# pate de fruit



## thebighat

Anybody got a good formula for this stuff that doesn't include trying to get a solid mass to an impossible temperature? I've used Michel Roux's a couple of times, but he doesn't specify what kind of pectin, and it's come out a few times, and stayed too soft a few times. I usually use this stuff called Pomona pectin which seems to be a bit stronger than Sure-gel. I just hate the idea of wasting 32 dollars worth of raspberry puree when I get it wrong.


----------



## kimmie

My books are presently in storage but you will find something in Thomas Keller's «French Laundry». If I remember correctly, he uses powdered apple pectin and there's a source guide and the end of the book.

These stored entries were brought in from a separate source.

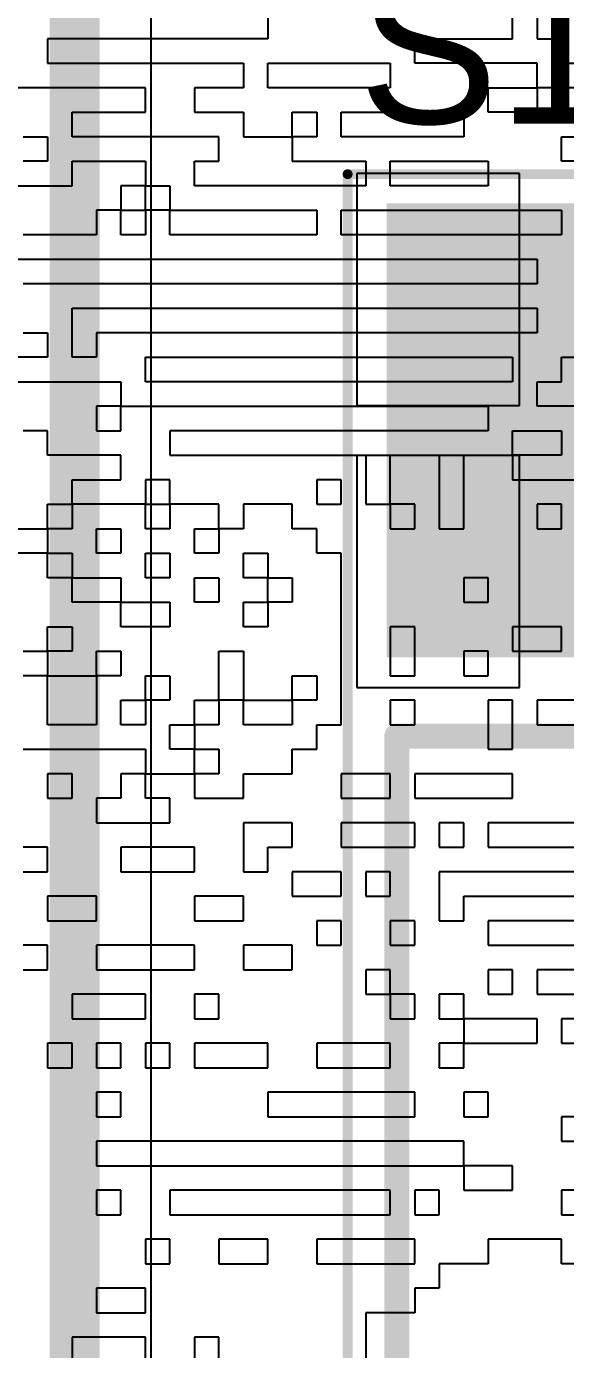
# Model space of a CAD drawing. Header units: inches. Extents: x 0.02 to 6.01, y 0.01 to 5.6.
# Drawn here: x 3.6003 to 3.7081, y 2.3706 to 2.6348 of the extents above; entities that cross this region are included whole.
import ezdxf

# ---------------------------------------------------------------- set-up
doc = ezdxf.new("R2010")
doc.units = ezdxf.units.IN
doc.header["$MEASUREMENT"] = 0
for name, color, linetype in [('Bottom Layer', 5, 'Continuous'), ('Bottom Overlay', 54, 'Continuous'), ('Mechanical 13', 56, 'Continuous'), ('Mechanical 15', 56, 'Continuous'), ('Top Layer', 1, 'Continuous'), ('Top Overlay', 2, 'Continuous'), ('Top Paste', 8, 'Continuous'), ('Top Solder', 216, 'Continuous')]:
    doc.layers.add(name, color=color, linetype=linetype)
doc.styles.add('Arial', font='', dxfattribs={"height": 0.2})
doc.styles.get('Arial').set_extended_font_data('Arial')

# ---------------------------------------------------------------- blocks, each defined once
blk = doc.blocks.new('SW_TL3301AF160QG_24')
at = {"layer": 'Top Layer'}
blk.add_hatch(color=1, dxfattribs=at).paths.add_polyline_path([(0.1378, 0.11614), (0.22047, 0.11614), (0.22047, 0.06102), (0.1378, 0.06102)])
at = {"layer": 'Top Paste'}
blk.add_hatch(color=8, dxfattribs=at).paths.add_polyline_path([(0.1378, 0.11614), (0.22047, 0.11614), (0.22047, 0.06102), (0.1378, 0.06102)])
at = {"layer": 'Top Solder'}
blk.add_hatch(color=216, dxfattribs=at).paths.add_polyline_path([(0.1338, 0.12014), (0.22447, 0.12014), (0.22447, 0.05702), (0.1338, 0.05702)])
at = {"layer": 'Mechanical 13'}
for points in [[(-0.11811, 0.11811, 0.005, 0.005, 0), (0.11811, 0.11811, 0.005, 0.005, 0)], [(0.11811, 0.11811, 0.005, 0.005, 0), (0.11811, -0.11811, 0.005, 0.005, 0)]]:
    blk.add_lwpolyline(points, format="xyseb", dxfattribs=at)
blk.add_lwpolyline([(0.11686, 0.11811, 0.0025, 0.0025, 1), (0.11936, 0.11811, 0.0025, 0.0025, 1)], format="xyseb", close=True, dxfattribs=at)
blk.add_lwpolyline([(0.11686, 0.11811, 0.0025, 0.0025, 1), (0.11936, 0.11811, 0.0025, 0.0025, 1)], format="xyseb", close=True, dxfattribs=at)
at = {"layer": 'Mechanical 15'}
for points in [[(-0.23031, 0.12795, 0.00197, 0.00197, 0), (0.23031, 0.12795, 0.00197, 0.00197, 0)], [(0.23031, 0.12795, 0.00197, 0.00197, 0), (0.23031, -0.12795, 0.00197, 0.00197, 0)]]:
    blk.add_lwpolyline(points, format="xyseb", dxfattribs=at)
blk.add_lwpolyline([(0.22982, 0.12795, 0.000984, 0.000984, 1), (0.23081, 0.12795, 0.000984, 0.000984, 1)], format="xyseb", close=True, dxfattribs=at)
blk.add_lwpolyline([(0.22982, 0.12795, 0.000984, 0.000984, 1), (0.23081, 0.12795, 0.000984, 0.000984, 1)], format="xyseb", close=True, dxfattribs=at)
at = {"layer": 'Top Overlay'}
for points in [[(-0.11811, 0.11811, 0.005, 0.005, 0), (0.11811, 0.11811, 0.005, 0.005, 0)], [(0.11811, 0.11811, 0.005, 0.005, 0), (0.11811, -0.11811, 0.005, 0.005, 0)]]:
    blk.add_lwpolyline(points, format="xyseb", dxfattribs=at)
blk.add_lwpolyline([(0.11686, 0.11811, 0.0025, 0.0025, 1), (0.11936, 0.11811, 0.0025, 0.0025, 1)], format="xyseb", close=True, dxfattribs=at)
blk.add_lwpolyline([(0.11686, 0.11811, 0.0025, 0.0025, 1), (0.11936, 0.11811, 0.0025, 0.0025, 1)], format="xyseb", close=True, dxfattribs=at)

msp = doc.modelspace()

# ---------------------------------------------------------------- linework, layer by layer
at = {"layer": 'Bottom Layer'}
msp.add_lwpolyline([(4.54993, 5.5954, 0.01, 0.01, -0.760418), (3.00371, 0.01993, 0.01, 0.01, 0)], format="xyseb", dxfattribs=at)
at = {"layer": 'Bottom Overlay'}
for p, q in [((3.6486, 2.63727), (3.6486, 2.63237)), ((3.69753, 2.63237), (3.69753, 2.63727)), ((3.70243, 2.63727), (3.70243, 2.63237)), ((3.6486, 2.63237), (3.60456, 2.63237)), ((3.60456, 2.63237), (3.60456, 2.62748)), ((3.67796, 2.62748), (3.67796, 2.63237)), ((3.67796, 2.63237), (3.69753, 2.63237)), ((3.70243, 2.63237), (3.70732, 2.63237)), ((3.70732, 2.63237), (3.70732, 2.62748)), ((3.60456, 2.62748), (3.64371, 2.62748)), ((3.64371, 2.62748), (3.64371, 2.62259)), ((3.6486, 2.62259), (3.6486, 2.62748)), ((3.6486, 2.62748), (3.67307, 2.62748)), ((3.67307, 2.62748), (3.67307, 2.62259)), ((3.70243, 2.62748), (3.67796, 2.62748)), ((3.70243, 2.62259), (3.70243, 2.62748)), ((3.70732, 2.62748), (3.71221, 2.62748)), ((3.62413, 2.62259), (3.58009, 2.62259)), ((3.62413, 2.61769), (3.62413, 2.62259)), ((3.64371, 2.62259), (3.63392, 2.62259)), ((3.63392, 2.62259), (3.63392, 2.61769)), ((3.66328, 2.62259), (3.6486, 2.62259)), ((3.66817, 2.62259), (3.66328, 2.62259)), ((3.67307, 2.62259), (3.66817, 2.62259)), ((3.69264, 2.61769), (3.69264, 2.62259)), ((3.69264, 2.62259), (3.70243, 2.62259)), ((3.70243, 2.62259), (3.70243, 2.61769)), ((3.71221, 2.62259), (3.70243, 2.62259)), ((3.60945, 2.6128), (3.60945, 2.61769)), ((3.60945, 2.61769), (3.62413, 2.61769)), ((3.63392, 2.61769), (3.64371, 2.61769)), ((3.64371, 2.61769), (3.64371, 2.6128)), ((3.65349, 2.6128), (3.65349, 2.61769)), ((3.65349, 2.61769), (3.65839, 2.61769)), ((3.65839, 2.61769), (3.65839, 2.6128)), ((3.66328, 2.61769), (3.66817, 2.61769)), ((3.66328, 2.6128), (3.66328, 2.61769)), ((3.66817, 2.61769), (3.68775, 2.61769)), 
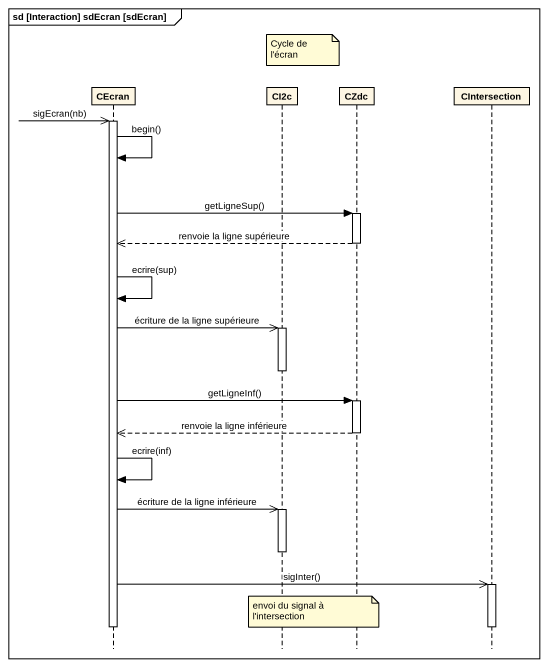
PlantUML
@startuml
mainframe sd [Interaction] sdEcran [sdEcran]
hide footbox
participant CEcran
participant CI2c
participant CZdc
participant CIntersection

note over CI2c : Cycle de l'écran
CEcran ->> CEcran : sigEcran(nb)
activate CEcran
CEcran -> CEcran : begin()
CEcran -> CZdc : getLigneSup()
activate CZdc
CZdc -->> CEcran : renvoie la ligne supérieure
deactivate CZdc
CEcran -> CEcran : ecrire(sup)
CEcran ->> CI2c : écriture de la ligne supérieure
activate CI2c
deactivate CI2c
CEcran -> CZdc : getLigneInf()
activate CZdc
CZdc -->> CEcran : renvoie la ligne inférieure
deactivate CZdc
CEcran -> CEcran : ecrire(inf)
CEcran ->> CI2c : écriture de la ligne inférieure
activate CI2c
deactivate CI2c
CEcran ->> CIntersection : sigInter()
activate CIntersection
note over CI2c : envoi du signal à l'intersection
deactivate CEcran
deactivate CIntersection
@enduml

Check your library TBH and let us know what you found!


----------



## isa

Ok TBH you have a choice of:


From the French Laundry:
Yuzu jellies
Concord grape jellies


From Gaston Lenotre:
Apricot jellies
Pineapple jellies
Banana-apple jellies
Carrots jellies
Cherry jellies
Fig jellies
Strawberry jellies
Raspberry jellies
Passion fruit jellies
Melon jellies
Orange jellies
Peach jellies
Pear jellies
Apple jellies
Rhubarb jellies


From Jacques Torres:
Pâte de fruit


From Daniel Pinard:
Pineapple jellies
Orange jelllies
Grape jellies


----------



## thebighat

Wow! Ok. I have the French Laundry and none of the others, unless a very old Lenotre counts, and I don't think it has the jellies. Which Torres? Only ones I'm at all familiar with are the Dessert Circus thingies. Thanks.


----------



## isa

It's from Faites vos glaces et votre confisserie comme Lenôtre, Flammarion 1978

The Torres recipe is from the second circus book I think. 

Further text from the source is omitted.